Mark Ferrandino, who heads OSPB, told lawmakers that Medicaid cost increases drive “a significant portion of the structural deficit” and that the federal law will make it worse as the state absorbs more cost. He said Medicaid spending has been growing at about 9% over the past year, while growth in the amount the state can spend under the Taxpayer’s Bill of Rights has grown at about 4.5%. TABOR is a state constitutional amendment that limits the amount of revenue the state can retain and spend.
“A growth rate of greater than the entire TABOR amount of growth rate in Medicaid is not something we can sustain, and so we will be coming forward with options, and look forward to working with you on that,” Ferrandino said.

Without a big policy change, Medicaid could take up the whole state budget within 15 years and leave no room for education and other expenses, he said.
“There’s got to be conversations of how we change that — not that we’re going down in funding, but that we’re growing at a slower rate more in line with either general fund growth or with the TABOR spending cap,” he said.
Those soaring Medicaid costs drove lawmakers to cut about $1.2 billion in the budget for the current fiscal year, which began July 1.
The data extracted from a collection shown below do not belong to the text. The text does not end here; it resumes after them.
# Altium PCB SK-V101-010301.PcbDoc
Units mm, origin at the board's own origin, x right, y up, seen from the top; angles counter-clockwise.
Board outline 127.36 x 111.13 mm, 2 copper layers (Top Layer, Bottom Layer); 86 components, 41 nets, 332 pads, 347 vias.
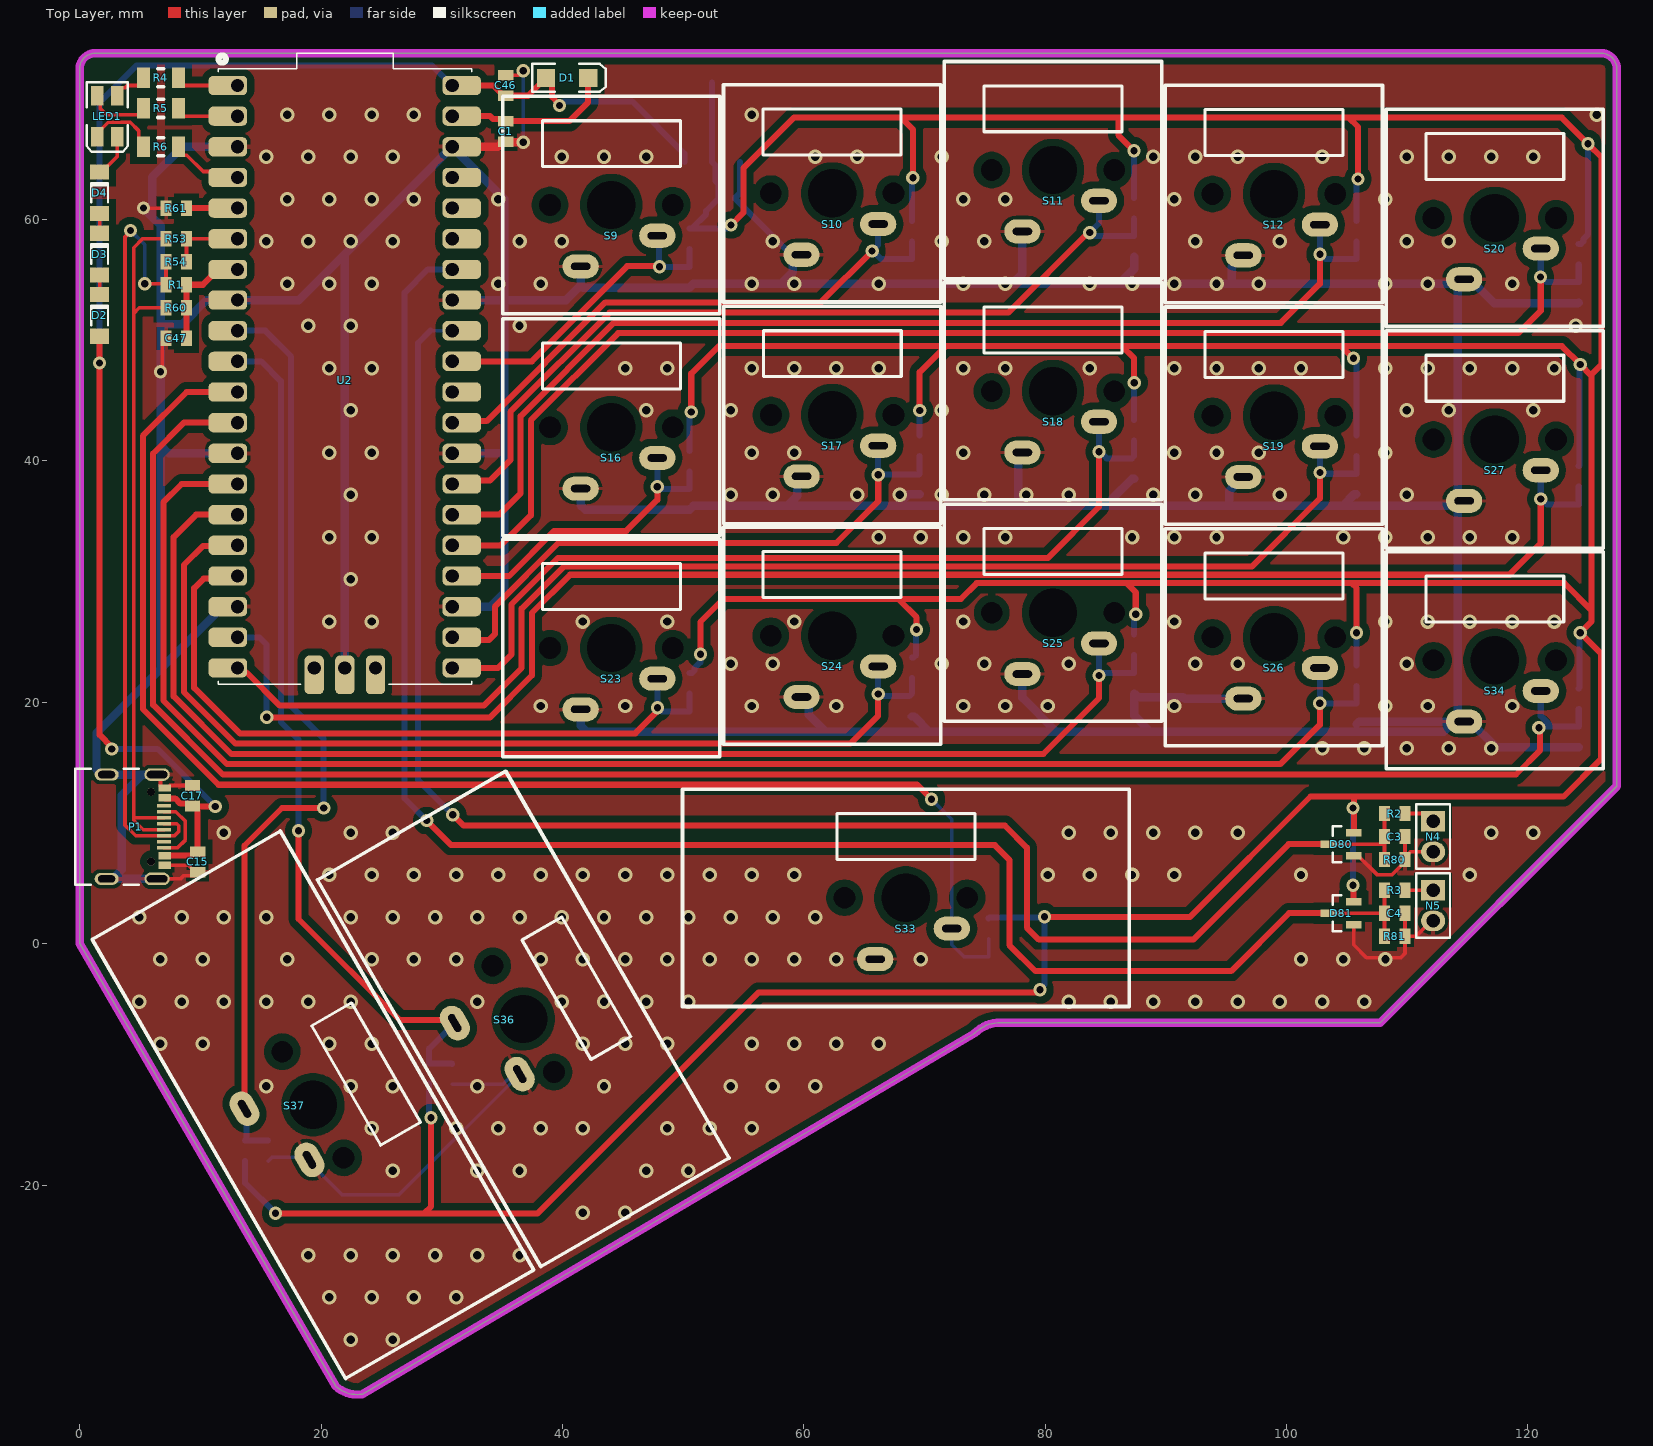
[diagram p0: Top Layer view]
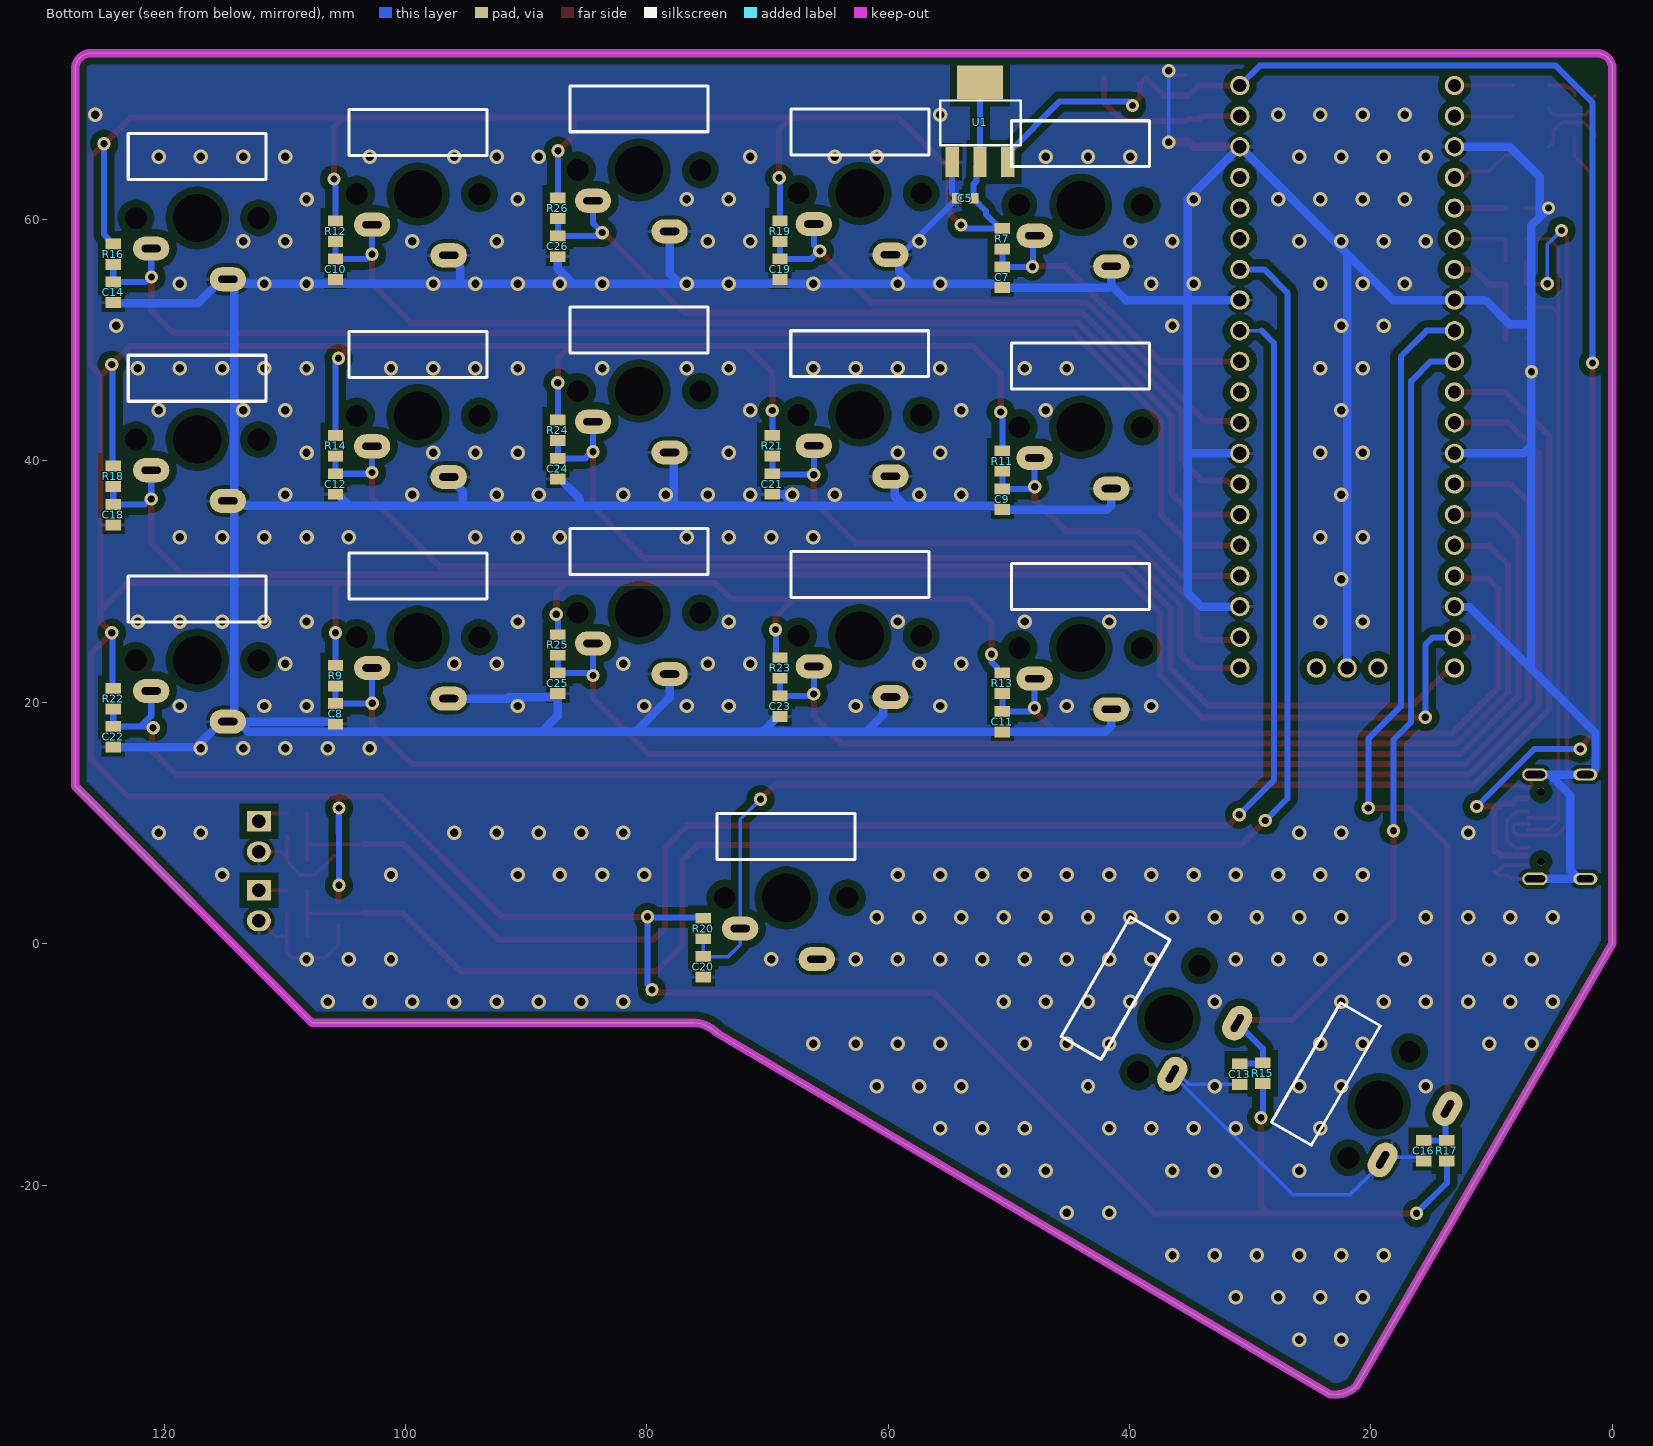
[diagram p1: Bottom Layer view, seen from below]
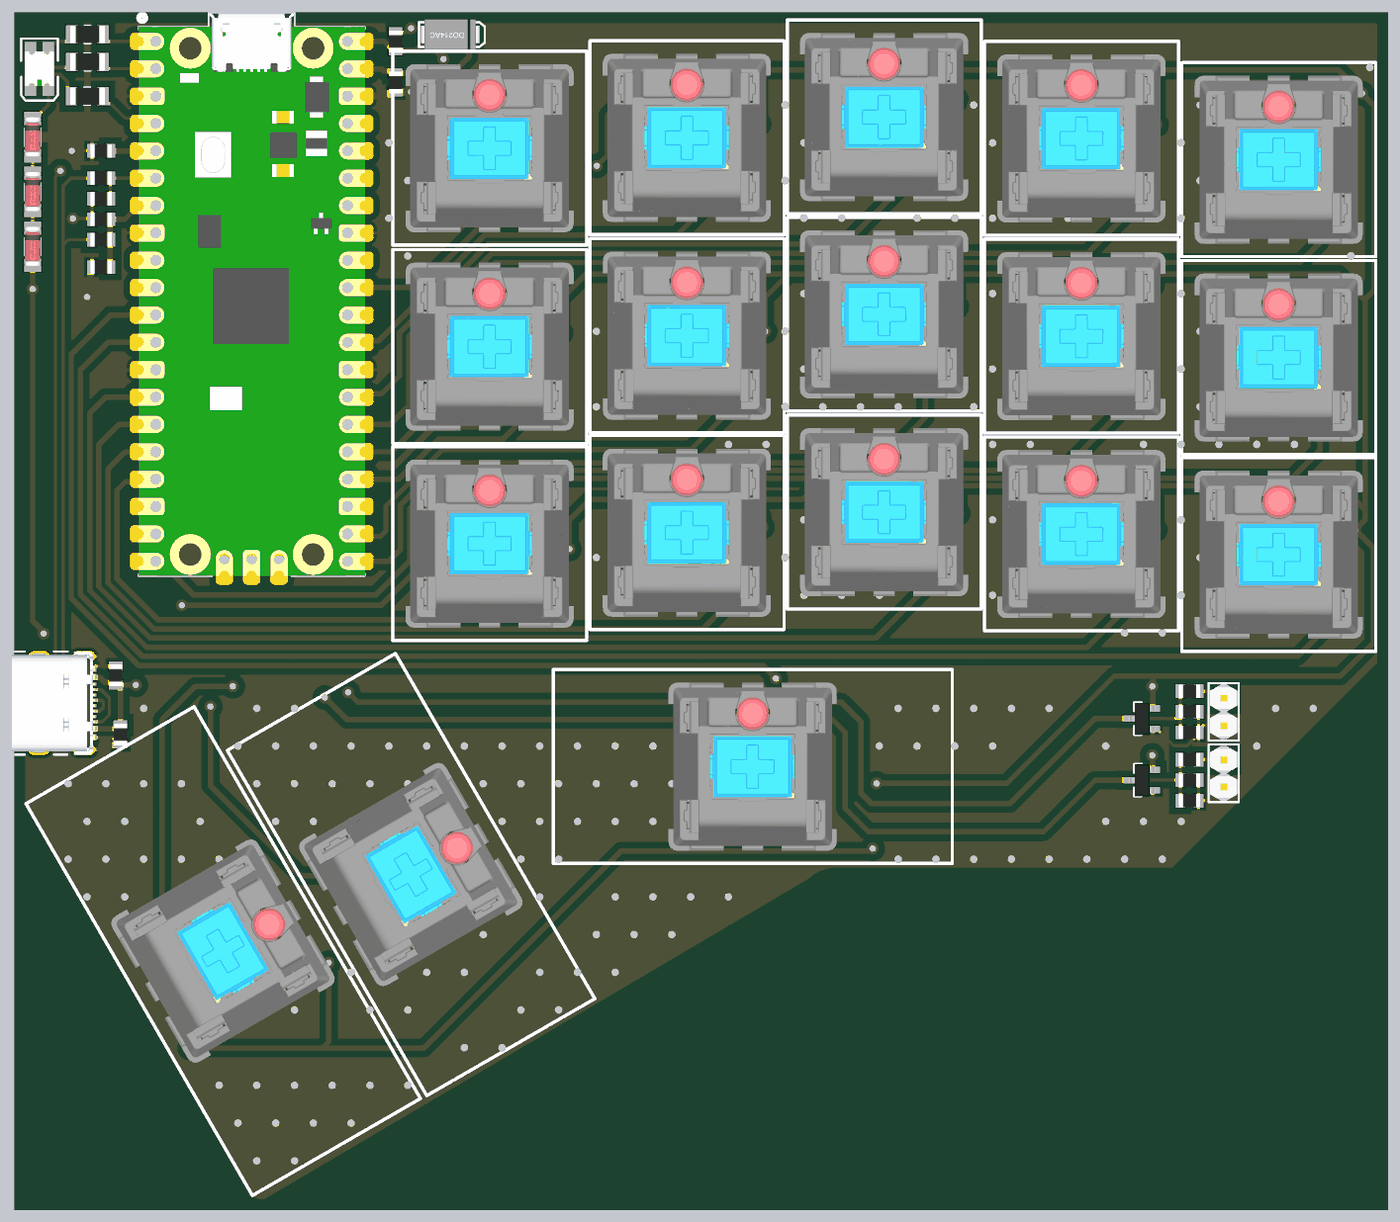
[diagram p2: 3D render of the assembled board from above, using the file's embedded part models]
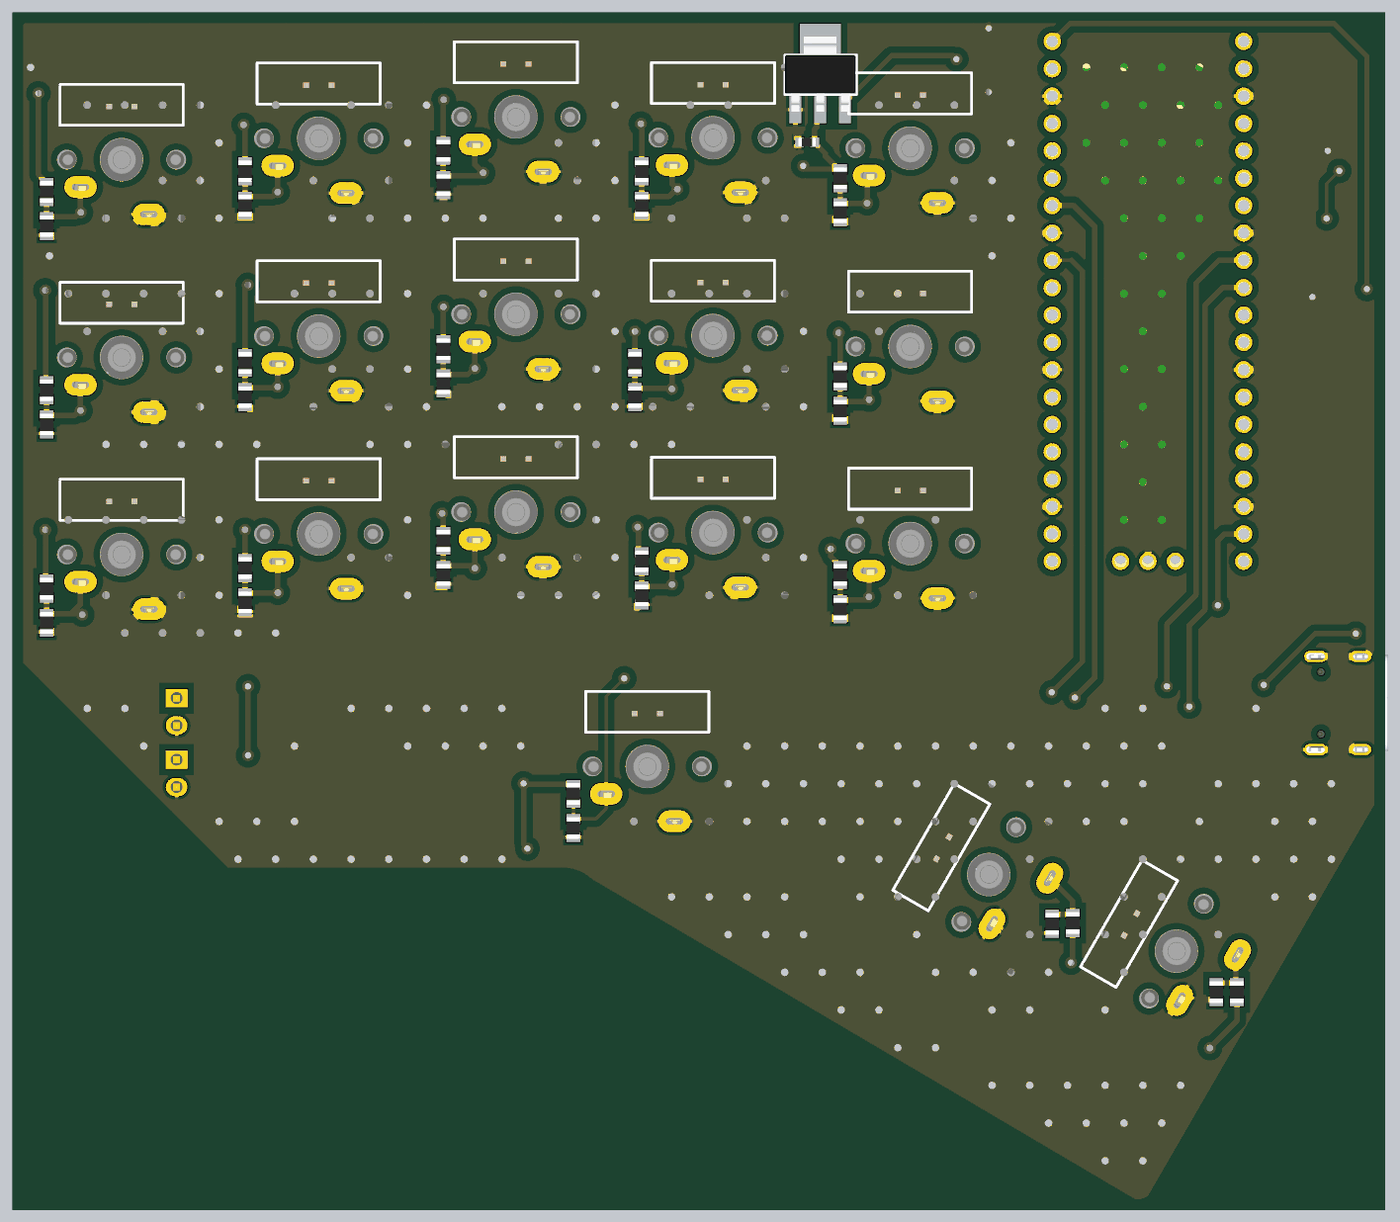
[diagram p3: 3D render of the assembled board from below, using the file's embedded part models]

## Layer stack, top to bottom
Top Solder: solder mask 0.0102, Solder Resist, Dk 3.5
Top Layer: signal copper 0.0356
Dielectric 1: dielectric 0.32, FR-4, Dk 4.8
Bottom Layer: signal copper 0.0356
Bottom Solder: solder mask 0.0102, Solder Resist, Dk 3.5

## Board outline
21.209,-36.668 0,0 0,72.501 cw(c1.27,72.501) 1.27,73.771 126.086,73.771 cw(c126.086,72.501) 127.356,72.501 127.356,69.478 127.356,13.04 107.772,-6.544 76.302,-6.544 ccw(c76.302,-9.61) 74.134,-7.442 23.415,-37.327 cw(c23.005,-34.679)

## Design rules (kind name [scope] priority, off if disabled: settings)
Clearance Poly [All vs InPolygon] p1: gap=0.6 ignorepadtopadclearanceinfootprint=FALSE
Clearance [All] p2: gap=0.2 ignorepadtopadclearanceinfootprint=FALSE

Polis, a Democrat, called lawmakers into a special session in August to raise more tax revenue to soften the blow of H.R.1’s impact. He also ordered midyear spending cuts and dipped into the state’s reserve funds to help fill the gap. Democrats passed a series of bills during the special session to end tax breaks for some businesses and create a tax credit sale scheme. Legislative staff said Monday those policies will bring in about $252 million this fiscal year, $164 million during the next one and $226 million in the 2027-2028 fiscal year.
Both legislative staff and the governor’s team agree that revenue will not fall above the TABOR cap for this fiscal year, eliminating mandated refunds to taxpayers. There could be modest TABOR surpluses in upcoming years.
Economists worry about a near-term recession driven by high household borrowing, a weakening labor market and impacts from tariffs imposed by the federal government. LCS did not put a probability on a recession, but the governor’s office estimates a 50% chance.